Server-side (modification of pythons Socket-server ThreadingMixIn):

import socket
import threading
import SocketServer

# MyAwesomelyNamedServerScript.py

class ThreadedTCPRequestHandler(SocketServer.BaseRequestHandler):

    def handle(self):

        def func1(scr1):
            #put code that does something here.
            print 'func1 : %s' % scr1
            return scr1

        def funct2(scr2):
            #put code that does something here.
            print 'func2 : %s' % scr2
            return scr2


        # self.request is the TCP socket connected to the client
        cur_thread = threading.current_thread()
        data = self.request.recv(1024)

        # In the data package the IP from client. 
        # Extract and add to an IP list (e.g. max 2 connection.)
        # if/else statement: if max connection reached than report back "cannot connect... waiting in queue or something".
        # limiting the request also prevent DDos attacks from the start.

        data_proc = func1(data)       # do something once
        data      = func2(data_proc)  # do something twice

        response = "{}: {}".format(cur_thread.name, data)
        self.request.sendall(response)

class ThreadedTCPServer(SocketServer.ThreadingMixIn, SocketServer.TCPServer):
    pass

def setupServer(ip = None, port = None, message = None):
    # Ip, port, message can be linked to below code if you want exernal input via GUI
    # Port 0 means to select an arbitrary unused port
    HOST, PORT = "localhost", 0

    server = ThreadedTCPServer((HOST, PORT), ThreadedTCPRequestHandler)
    ip, port = server.server_address

    # Start a thread with the server -- that thread will then start one
    # more thread for each request
    server_thread = threading.Thread(target=server.serve_forever)
    # Exit the server thread when the main thread terminates
    server_thread.daemon = True
    server_thread.start()
    print "Server loop running in thread:", server_thread.name
    sock = socket.socket(socket.AF_INET, socket.SOCK_STREAM)
    sock.connect((ip, port))
    try:
        sock.sendall(message)
        response = sock.recv(1024)
        print "Received: {}".format(response)
    finally:
        sock.close()

def test_main():

        #client(ip, port, "Hello World 1")
        #client(ip, port, "Hello World 2")
        #client(ip, port, "Hello World 3")

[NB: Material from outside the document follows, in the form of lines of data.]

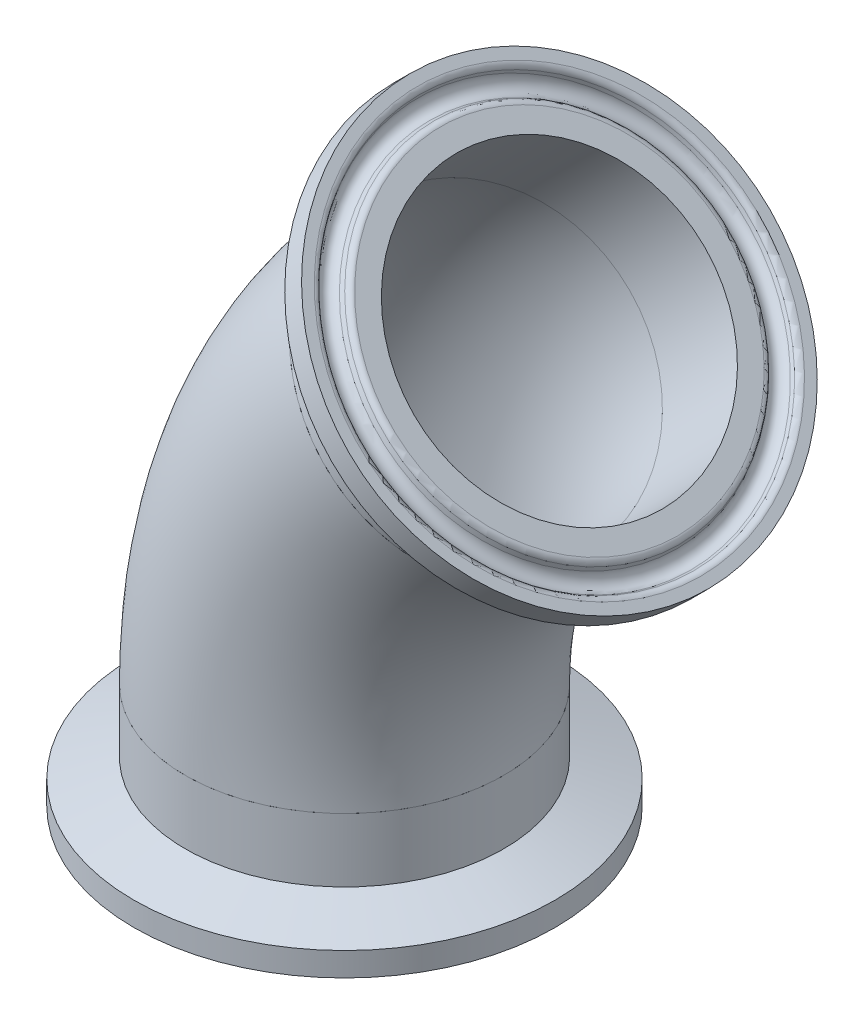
ISO-10303-21;
HEADER;
FILE_DESCRIPTION(('STEP AP214'),'2;1');
FILE_NAME('part.step','',(''),(''),'','','');
FILE_SCHEMA(('AUTOMOTIVE_DESIGN { 1 0 10303 214 1 1 1 1 }'));
ENDSEC;
DATA;
#1=APPLICATION_CONTEXT('core data for automotive mechanical design processes');
#2=APPLICATION_PROTOCOL_DEFINITION('international standard','automotive_design',2000,#1);
#3=PRODUCT_CONTEXT('',#1,'mechanical');
#4=PRODUCT('Part','Part','',(#3));
#5=PRODUCT_RELATED_PRODUCT_CATEGORY('part','',(#4));
#6=PRODUCT_DEFINITION_FORMATION('','',#4);
#7=PRODUCT_DEFINITION_CONTEXT('part definition',#1,'design');
#8=PRODUCT_DEFINITION('design','',#6,#7);
#9=PRODUCT_DEFINITION_SHAPE('','',#8);
#10=(LENGTH_UNIT() NAMED_UNIT(*) SI_UNIT(.MILLI.,.METRE.));
#11=(NAMED_UNIT(*) PLANE_ANGLE_UNIT() SI_UNIT($,.RADIAN.));
#12=(NAMED_UNIT(*) SI_UNIT($,.STERADIAN.) SOLID_ANGLE_UNIT());
#13=UNCERTAINTY_MEASURE_WITH_UNIT(LENGTH_MEASURE(1.E-05),#10,'distance_accuracy_value','');
#14=(GEOMETRIC_REPRESENTATION_CONTEXT(3) GLOBAL_UNCERTAINTY_ASSIGNED_CONTEXT((#13)) GLOBAL_UNIT_ASSIGNED_CONTEXT((#10,
#11,#12)) REPRESENTATION_CONTEXT('',''));
#15=CARTESIAN_POINT('',(0.,0.,0.));
#16=DIRECTION('',(0.,0.,1.));
#17=DIRECTION('',(1.,0.,0.));
#18=AXIS2_PLACEMENT_3D('',#15,#16,#17);
#19=CARTESIAN_POINT('',(66.8663289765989,3.66193996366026,33.3026614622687));
#20=DIRECTION('',(0.,0.,1.));
#21=DIRECTION('',(1.00000000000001,0.,0.));
#22=AXIS2_PLACEMENT_3D('',#19,#20,#21);
#23=TOROIDAL_SURFACE('',#22,57.15,19.05);
#24=CARTESIAN_POINT('',(26.4551764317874,44.0730925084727,33.3026614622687));
#25=DIRECTION('',(0.707106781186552,0.707106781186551,0.));
#26=DIRECTION('',(0.,0.,1.));
#27=AXIS2_PLACEMENT_3D('',#24,#25,#26);
#28=CIRCLE('',#27,19.05);
#29=CARTESIAN_POINT('',(12.9847922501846,57.5434766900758,33.3026614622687));
#30=VERTEX_POINT('',#29);
#31=EDGE_CURVE('P0_E10',#30,#30,#28,.T.);
#32=CARTESIAN_POINT('',(9.71632897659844,3.66193996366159,33.3026614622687));
#33=DIRECTION('',(0.,1.00000000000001,0.));
#34=DIRECTION('',(0.,0.,1.));
#35=AXIS2_PLACEMENT_3D('',#32,#33,#34);
#36=CIRCLE('',#35,19.05);
#37=CARTESIAN_POINT('',(-9.33367102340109,3.66193996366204,33.3026614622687));
#38=VERTEX_POINT('',#37);
#39=EDGE_CURVE('P0_E21',#38,#38,#36,.T.);
#40=CARTESIAN_POINT('',(66.8663289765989,3.66193996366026,33.3026614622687));
#41=DIRECTION('',(0.,0.,1.));
#42=DIRECTION('',(1.00000000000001,0.,0.));
#43=AXIS2_PLACEMENT_3D('',#40,#41,#42);
#44=CIRCLE('',#43,76.2);
#45=EDGE_CURVE('',#30,#38,#44,.T.);
#46=ORIENTED_EDGE('',*,*,#31,.F.);
#47=ORIENTED_EDGE('',*,*,#39,.T.);
#48=ORIENTED_EDGE('',*,*,#45,.T.);
#49=ORIENTED_EDGE('',*,*,#45,.F.);
#50=EDGE_LOOP('',(#46,#48,#47,#49));
#51=FACE_BOUND('',#50,.T.);
#52=ADVANCED_FACE('P0_F15',(#51),#23,.T.);
#53=CARTESIAN_POINT('',(26.4551764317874,44.0730925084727,33.3026614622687));
#54=DIRECTION('',(0.707106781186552,0.707106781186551,0.));
#55=DIRECTION('',(0.,0.,1.));
#56=AXIS2_PLACEMENT_3D('',#53,#54,#55);
#57=PLANE('',#56);
#58=CARTESIAN_POINT('',(26.4551764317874,44.0730925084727,33.3026614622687));
#59=DIRECTION('',(0.707106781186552,0.707106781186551,0.));
#60=DIRECTION('',(-0.707106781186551,0.707106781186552,0.));
#61=AXIS2_PLACEMENT_3D('',#58,#59,#60);
#62=CIRCLE('',#61,17.399);
#63=CARTESIAN_POINT('',(14.1522255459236,56.3760433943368,33.3026614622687));
#64=VERTEX_POINT('',#63);
#65=EDGE_CURVE('P0_E25',#64,#64,#62,.T.);
#66=ORIENTED_EDGE('',*,*,#65,.F.);
#67=EDGE_LOOP('',(#66));
#68=FACE_BOUND('',#67,.T.);
#69=ORIENTED_EDGE('',*,*,#31,.T.);
#70=EDGE_LOOP('',(#69));
#71=FACE_BOUND('',#70,.T.);
#72=ADVANCED_FACE('P0_F46',(#68,#71),#57,.T.);
#73=CARTESIAN_POINT('',(9.71632897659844,3.66193996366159,33.3026614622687));
#74=DIRECTION('',(0.,1.00000000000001,0.));
#75=DIRECTION('',(0.,0.,1.));
#76=AXIS2_PLACEMENT_3D('',#73,#74,#75);
#77=PLANE('',#76);
#78=CARTESIAN_POINT('',(9.71632897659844,3.66193996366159,33.3026614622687));
#79=DIRECTION('',(0.,1.00000000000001,0.));
#80=DIRECTION('',(0.,0.,1.));
#81=AXIS2_PLACEMENT_3D('',#78,#79,#80);
#82=CIRCLE('',#81,17.399);
#83=CARTESIAN_POINT('',(-7.68267102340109,3.661939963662,33.3026614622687));
#84=VERTEX_POINT('',#83);
#85=EDGE_CURVE('P0_E29',#84,#84,#82,.T.);
#86=ORIENTED_EDGE('',*,*,#85,.T.);
#87=EDGE_LOOP('',(#86));
#88=FACE_BOUND('',#87,.T.);
#89=ORIENTED_EDGE('',*,*,#39,.F.);
#90=EDGE_LOOP('',(#89));
#91=FACE_BOUND('',#90,.T.);
#92=ADVANCED_FACE('P0_F35',(#88,#91),#77,.F.);
#93=CARTESIAN_POINT('',(66.8663289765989,3.66193996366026,33.3026614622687));
#94=DIRECTION('',(0.,0.,1.));
#95=DIRECTION('',(1.00000000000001,0.,0.));
#96=AXIS2_PLACEMENT_3D('',#93,#94,#95);
#97=TOROIDAL_SURFACE('',#96,57.15,17.399);
#98=CARTESIAN_POINT('',(66.8663289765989,3.66193996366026,33.3026614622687));
#99=DIRECTION('',(0.,0.,1.));
#100=DIRECTION('',(1.00000000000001,0.,0.));
#101=AXIS2_PLACEMENT_3D('',#98,#99,#100);
#102=CIRCLE('',#101,74.549);
#103=EDGE_CURVE('',#64,#84,#102,.T.);
#104=ORIENTED_EDGE('',*,*,#65,.T.);
#105=ORIENTED_EDGE('',*,*,#85,.F.);
#106=ORIENTED_EDGE('',*,*,#103,.T.);
#107=ORIENTED_EDGE('',*,*,#103,.F.);
#108=EDGE_LOOP('',(#104,#106,#105,#107));
#109=FACE_BOUND('',#108,.T.);
#110=ADVANCED_FACE('P0_F38',(#109),#97,.F.);
#111=CLOSED_SHELL('',(#52,#72,#92,#110));
#112=MANIFOLD_SOLID_BREP('P0_B1',#111);
#113=CARTESIAN_POINT('',(34.7396402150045,52.3575562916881,33.3026614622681));
#114=DIRECTION('',(-0.707106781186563,-0.707106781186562,0.));
#115=DIRECTION('',(-0.707106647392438,0.707106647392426,-0.000615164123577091));
#116=AXIS2_PLACEMENT_3D('',#113,#114,#115);
#117=CONICAL_SURFACE('',#116,20.9336326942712,0.401425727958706);
#118=CARTESIAN_POINT('',(35.1071491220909,52.7250651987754,33.3026614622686));
#119=DIRECTION('',(0.707106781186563,0.707106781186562,0.));
#120=DIRECTION('',(0.707106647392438,-0.707106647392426,0.000615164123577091));
#121=AXIS2_PLACEMENT_3D('',#118,#119,#120);
#122=CIRCLE('',#121,20.7130178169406);
#123=CARTESIAN_POINT('',(49.7534617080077,38.0787526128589,33.3154033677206));
#124=VERTEX_POINT('',#123);
#125=EDGE_CURVE('P1_E9',#124,#124,#122,.T.);
#126=ORIENTED_EDGE('',*,*,#125,.F.);
#127=EDGE_LOOP('',(#126));
#128=FACE_BOUND('',#127,.T.);
#129=CARTESIAN_POINT('',(34.7396402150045,52.3575562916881,33.3026614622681));
#130=DIRECTION('',(0.707106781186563,0.707106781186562,0.));
#131=DIRECTION('',(0.707106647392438,-0.707106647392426,0.000615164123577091));
#132=AXIS2_PLACEMENT_3D('',#129,#130,#131);
#133=CIRCLE('',#132,20.9336326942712);
#134=CARTESIAN_POINT('',(49.5419510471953,37.5552454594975,33.3155390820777));
#135=VERTEX_POINT('',#134);
#136=EDGE_CURVE('P1_E54',#135,#135,#133,.T.);
#137=ORIENTED_EDGE('',*,*,#136,.T.);
#138=EDGE_LOOP('',(#137));
#139=FACE_BOUND('',#138,.T.);
#140=ADVANCED_FACE('P1_F14',(#128,#139),#117,.T.);
#141=CARTESIAN_POINT('',(34.896617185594,52.5145332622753,33.3026614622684));
#142=DIRECTION('',(0.707106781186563,0.707106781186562,0.));
#143=DIRECTION('',(0.707106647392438,-0.707106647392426,0.000615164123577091));
#144=AXIS2_PLACEMENT_3D('',#141,#142,#143);
#145=TOROIDAL_SURFACE('',#144,20.0115931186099,0.761999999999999);
#146=CARTESIAN_POINT('',(35.4354325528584,53.0533486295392,33.3026614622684));
#147=DIRECTION('',(0.707106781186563,0.707106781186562,0.));
#148=DIRECTION('',(0.707106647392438,-0.707106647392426,0.000615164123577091));
#149=AXIS2_PLACEMENT_3D('',#146,#147,#148);
#150=CIRCLE('',#149,20.0115931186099);
#151=CARTESIAN_POINT('',(49.5857630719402,38.9030181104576,33.3149718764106));
#152=VERTEX_POINT('',#151);
#153=EDGE_CURVE('P1_E20',#152,#152,#150,.T.);
#154=ORIENTED_EDGE('',*,*,#153,.F.);
#155=EDGE_LOOP('',(#154));
#156=FACE_BOUND('',#155,.T.);
#157=ORIENTED_EDGE('',*,*,#125,.T.);
#158=EDGE_LOOP('',(#157));
#159=FACE_BOUND('',#158,.T.);
#160=ADVANCED_FACE('P1_F84',(#156,#159),#145,.T.);
#161=CARTESIAN_POINT('',(35.4354325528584,53.0533486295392,33.3026614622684));
#162=DIRECTION('',(-0.707106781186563,-0.707106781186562,0.));
#163=DIRECTION('',(-0.707106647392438,0.707106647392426,-0.000615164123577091));
#164=AXIS2_PLACEMENT_3D('',#161,#162,#163);
#165=PLANE('',#164);
#166=CARTESIAN_POINT('',(35.4354325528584,53.0533486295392,33.3026614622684));
#167=DIRECTION('',(0.707106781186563,0.707106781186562,0.));
#168=DIRECTION('',(0.707106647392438,-0.707106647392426,0.000615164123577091));
#169=AXIS2_PLACEMENT_3D('',#166,#167,#168);
#170=CIRCLE('',#169,17.399);
#171=CARTESIAN_POINT('',(47.7383811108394,40.7504000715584,33.3133647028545));
#172=VERTEX_POINT('',#171);
#173=EDGE_CURVE('P1_E24',#172,#172,#170,.T.);
#174=ORIENTED_EDGE('',*,*,#173,.F.);
#175=EDGE_LOOP('',(#174));
#176=FACE_BOUND('',#175,.T.);
#177=ORIENTED_EDGE('',*,*,#153,.T.);
#178=EDGE_LOOP('',(#177));
#179=FACE_BOUND('',#178,.T.);
#180=ADVANCED_FACE('P1_F89',(#176,#179),#165,.F.);
#181=CARTESIAN_POINT('',(35.4354325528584,53.0533486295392,33.3026614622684));
#182=DIRECTION('',(0.707106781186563,0.707106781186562,0.));
#183=DIRECTION('',(0.707106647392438,-0.707106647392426,0.000615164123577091));
#184=AXIS2_PLACEMENT_3D('',#181,#182,#183);
#185=CYLINDRICAL_SURFACE('',#184,17.399);
#186=ORIENTED_EDGE('',*,*,#173,.T.);
#187=EDGE_LOOP('',(#186));
#188=FACE_BOUND('',#187,.T.);
#189=CARTESIAN_POINT('',(26.4551764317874,44.0730925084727,33.3026614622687));
#190=DIRECTION('',(0.707106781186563,0.707106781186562,0.));
#191=DIRECTION('',(0.707106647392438,-0.707106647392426,0.000615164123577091));
#192=AXIS2_PLACEMENT_3D('',#189,#190,#191);
#193=CIRCLE('',#192,17.399);
#194=CARTESIAN_POINT('',(38.7581249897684,31.7701439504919,33.3133647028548));
#195=VERTEX_POINT('',#194);
#196=EDGE_CURVE('P1_E28',#195,#195,#193,.T.);
#197=ORIENTED_EDGE('',*,*,#196,.F.);
#198=EDGE_LOOP('',(#197));
#199=FACE_BOUND('',#198,.T.);
#200=ADVANCED_FACE('P1_F94',(#188,#199),#185,.F.);
#201=CARTESIAN_POINT('',(26.4551764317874,44.0730925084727,33.3026614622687));
#202=DIRECTION('',(0.707106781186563,0.707106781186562,0.));
#203=DIRECTION('',(0.707106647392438,-0.707106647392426,0.000615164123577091));
#204=AXIS2_PLACEMENT_3D('',#201,#202,#203);
#205=PLANE('',#204);
#206=CARTESIAN_POINT('',(26.4551764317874,44.0730925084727,33.3026614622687));
#207=DIRECTION('',(0.707106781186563,0.707106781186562,0.));
#208=DIRECTION('',(0.707106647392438,-0.707106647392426,0.000615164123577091));
#209=AXIS2_PLACEMENT_3D('',#206,#207,#208);
#210=CIRCLE('',#209,19.05);
#211=CARTESIAN_POINT('',(39.9255580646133,30.602710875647,33.3143803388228));
#212=VERTEX_POINT('',#211);
#213=EDGE_CURVE('P1_E33',#212,#212,#210,.T.);
#214=ORIENTED_EDGE('',*,*,#213,.F.);
#215=EDGE_LOOP('',(#214));
#216=FACE_BOUND('',#215,.T.);
#217=ORIENTED_EDGE('',*,*,#196,.T.);
#218=EDGE_LOOP('',(#217));
#219=FACE_BOUND('',#218,.T.);
#220=ADVANCED_FACE('P1_F100',(#216,#219),#205,.F.);
#221=CARTESIAN_POINT('',(35.4354325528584,53.0533486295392,33.3026614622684));
#222=DIRECTION('',(0.707106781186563,0.707106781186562,0.));
#223=DIRECTION('',(0.707106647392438,-0.707106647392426,0.000615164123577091));
#224=AXIS2_PLACEMENT_3D('',#221,#222,#223);
#225=CYLINDRICAL_SURFACE('',#224,19.05);
#226=CARTESIAN_POINT('',(31.8418789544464,49.4597950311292,33.3026614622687));
#227=DIRECTION('',(0.707106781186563,0.707106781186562,0.));
#228=DIRECTION('',(0.707106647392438,-0.707106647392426,0.000615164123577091));
#229=AXIS2_PLACEMENT_3D('',#226,#227,#228);
#230=CIRCLE('',#229,19.05);
#231=CARTESIAN_POINT('',(45.3122605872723,35.9894133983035,33.3143803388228));
#232=VERTEX_POINT('',#231);
#233=EDGE_CURVE('P1_E36',#232,#232,#230,.T.);
#234=ORIENTED_EDGE('',*,*,#233,.F.);
#235=EDGE_LOOP('',(#234));
#236=FACE_BOUND('',#235,.T.);
#237=ORIENTED_EDGE('',*,*,#213,.T.);
#238=EDGE_LOOP('',(#237));
#239=FACE_BOUND('',#238,.T.);
#240=ADVANCED_FACE('P1_F104',(#236,#239),#225,.T.);
#241=CARTESIAN_POINT('',(31.8418789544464,49.4597950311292,33.3026614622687));
#242=DIRECTION('',(0.707106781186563,0.707106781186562,0.));
#243=DIRECTION('',(0.707106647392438,-0.707106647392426,0.000615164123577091));
#244=AXIS2_PLACEMENT_3D('',#241,#242,#243);
#245=CONICAL_SURFACE('',#244,19.05,1.22173047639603);
#246=CARTESIAN_POINT('',(33.4238551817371,51.0417712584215,33.3026614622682));
#247=DIRECTION('',(0.707106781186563,0.707106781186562,0.));
#248=DIRECTION('',(0.707106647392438,-0.707106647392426,0.000615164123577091));
#249=AXIS2_PLACEMENT_3D('',#246,#247,#248);
#250=CIRCLE('',#249,25.1968);
#251=CARTESIAN_POINT('',(51.2406799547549,33.224946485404,33.3181616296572));
#252=VERTEX_POINT('',#251);
#253=EDGE_CURVE('P1_E39',#252,#252,#250,.T.);
#254=ORIENTED_EDGE('',*,*,#253,.F.);
#255=EDGE_LOOP('',(#254));
#256=FACE_BOUND('',#255,.T.);
#257=ORIENTED_EDGE('',*,*,#233,.T.);
#258=EDGE_LOOP('',(#257));
#259=FACE_BOUND('',#258,.T.);
#260=ADVANCED_FACE('P1_F108',(#256,#259),#245,.T.);
#261=CARTESIAN_POINT('',(35.4354325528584,53.0533486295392,33.3026614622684));
#262=DIRECTION('',(0.707106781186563,0.707106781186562,0.));
#263=DIRECTION('',(0.707106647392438,-0.707106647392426,0.000615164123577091));
#264=AXIS2_PLACEMENT_3D('',#261,#262,#263);
#265=CYLINDRICAL_SURFACE('',#264,25.1968);
#266=CARTESIAN_POINT('',(35.4354325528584,53.0533486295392,33.3026614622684));
#267=DIRECTION('',(0.707106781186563,0.707106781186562,0.));
#268=DIRECTION('',(0.707106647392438,-0.707106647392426,0.000615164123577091));
#269=AXIS2_PLACEMENT_3D('',#266,#267,#268);
#270=CIRCLE('',#269,25.1968);
#271=CARTESIAN_POINT('',(53.2522573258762,35.2365238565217,33.3181616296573));
#272=VERTEX_POINT('',#271);
#273=EDGE_CURVE('P1_E42',#272,#272,#270,.T.);
#274=ORIENTED_EDGE('',*,*,#273,.F.);
#275=EDGE_LOOP('',(#274));
#276=FACE_BOUND('',#275,.T.);
#277=ORIENTED_EDGE('',*,*,#253,.T.);
#278=EDGE_LOOP('',(#277));
#279=FACE_BOUND('',#278,.T.);
#280=ADVANCED_FACE('P1_F80',(#276,#279),#265,.T.);
#281=CARTESIAN_POINT('',(35.4354325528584,53.0533486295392,33.3026614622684));
#282=DIRECTION('',(-0.707106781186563,-0.707106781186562,0.));
#283=DIRECTION('',(-0.707106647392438,0.707106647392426,-0.000615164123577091));
#284=AXIS2_PLACEMENT_3D('',#281,#282,#283);
#285=PLANE('',#284);
#286=CARTESIAN_POINT('',(35.4354325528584,53.0533486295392,33.3026614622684));
#287=DIRECTION('',(0.707106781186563,0.707106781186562,0.));
#288=DIRECTION('',(0.707106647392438,-0.707106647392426,0.000615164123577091));
#289=AXIS2_PLACEMENT_3D('',#286,#287,#288);
#290=CIRCLE('',#289,23.9521599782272);
#291=CARTESIAN_POINT('',(52.37216409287,36.1166170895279,33.3173959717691));
#292=VERTEX_POINT('',#291);
#293=EDGE_CURVE('P1_E45',#292,#292,#290,.T.);
#294=ORIENTED_EDGE('',*,*,#293,.F.);
#295=EDGE_LOOP('',(#294));
#296=FACE_BOUND('',#295,.T.);
#297=ORIENTED_EDGE('',*,*,#273,.T.);
#298=EDGE_LOOP('',(#297));
#299=FACE_BOUND('',#298,.T.);
#300=ADVANCED_FACE('P1_F73',(#296,#299),#285,.F.);
#301=CARTESIAN_POINT('',(34.896617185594,52.5145332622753,33.3026614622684));
#302=DIRECTION('',(0.707106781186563,0.707106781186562,0.));
#303=DIRECTION('',(0.707106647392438,-0.707106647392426,0.000615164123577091));
#304=AXIS2_PLACEMENT_3D('',#301,#302,#303);
#305=TOROIDAL_SURFACE('',#304,23.9521599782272,0.761999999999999);
#306=ORIENTED_EDGE('',*,*,#293,.T.);
#307=EDGE_LOOP('',(#306));
#308=FACE_BOUND('',#307,.T.);
#309=CARTESIAN_POINT('',(35.1071491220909,52.7250651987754,33.3026614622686));
#310=DIRECTION('',(0.707106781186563,0.707106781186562,0.));
#311=DIRECTION('',(0.707106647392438,-0.707106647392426,0.000615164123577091));
#312=AXIS2_PLACEMENT_3D('',#309,#310,#311);
#313=CIRCLE('',#312,23.2507352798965);
#314=CARTESIAN_POINT('',(51.5478985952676,36.284315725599,33.3169644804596));
#315=VERTEX_POINT('',#314);
#316=EDGE_CURVE('P1_E48',#315,#315,#313,.T.);
#317=ORIENTED_EDGE('',*,*,#316,.F.);
#318=EDGE_LOOP('',(#317));
#319=FACE_BOUND('',#318,.T.);
#320=ADVANCED_FACE('P1_F68',(#308,#319),#305,.T.);
#321=CARTESIAN_POINT('',(35.1071491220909,52.7250651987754,33.3026614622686));
#322=DIRECTION('',(0.707106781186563,0.707106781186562,0.));
#323=DIRECTION('',(0.707106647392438,-0.707106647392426,0.000615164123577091));
#324=AXIS2_PLACEMENT_3D('',#321,#322,#323);
#325=CONICAL_SURFACE('',#324,23.2507352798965,0.401425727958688);
#326=CARTESIAN_POINT('',(34.8182309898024,52.4361470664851,33.3026614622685));
#327=DIRECTION('',(0.707106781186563,0.707106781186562,0.));
#328=DIRECTION('',(0.707106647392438,-0.707106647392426,0.000615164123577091));
#329=AXIS2_PLACEMENT_3D('',#326,#327,#328);
#330=CIRCLE('',#329,23.0772982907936);
#331=CARTESIAN_POINT('',(51.1363420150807,36.118036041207,33.3168577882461));
#332=VERTEX_POINT('',#331);
#333=EDGE_CURVE('P1_E51',#332,#332,#330,.T.);
#334=ORIENTED_EDGE('',*,*,#333,.F.);
#335=EDGE_LOOP('',(#334));
#336=FACE_BOUND('',#335,.T.);
#337=ORIENTED_EDGE('',*,*,#316,.T.);
#338=EDGE_LOOP('',(#337));
#339=FACE_BOUND('',#338,.T.);
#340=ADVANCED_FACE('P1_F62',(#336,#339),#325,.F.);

        client(message = "Hello World 1")
        client(message = "Hello World 2")
        client(message = "Hello World 3")

        server.shutdown()
        server.server_close()

if __name__ == "__main__":

    test_main()  #runs the main test

The MainApp.py script in short:

import myloginscript
import myAwesomeMainGUI

...snippet ... <incl. Qt imports, etc.> ...

#MainApp.py

class MyMainUI(QtWidgets.QMainWindow, myAwesomeMainGUI.Ui_MainWindow):

    ...snippet <your code>...

    def setUpass(self, username):
        # do whatever you want with the username
        # if Pword brought here then login.username.text() needs to be altered to get pw instead.
        self.username = username  # this variable shoud be made inside your main code.
#        self.label.setText("Username: %s" % self.username)
        print 'The username is : %s' % self.username

if _name__ = '__main__':

    app.QApplication(sys.argv)

    login= myloginscript()  # this runs your login script (GUI starts if attached therein.)

    if login.exec():
        window = MymainwindowDialog()           # main appwindow...not login GUI.
        window.setUpass(login.username.text())
        window.show()
        sys.stdout.flush()
        try:
            sys.exit(app.exec())
        except:
            print('Exit now.. wrong Uname or Pword')
    else:
        sys.exit(-1)  # user pressed 'Cancel', lets quit the program here.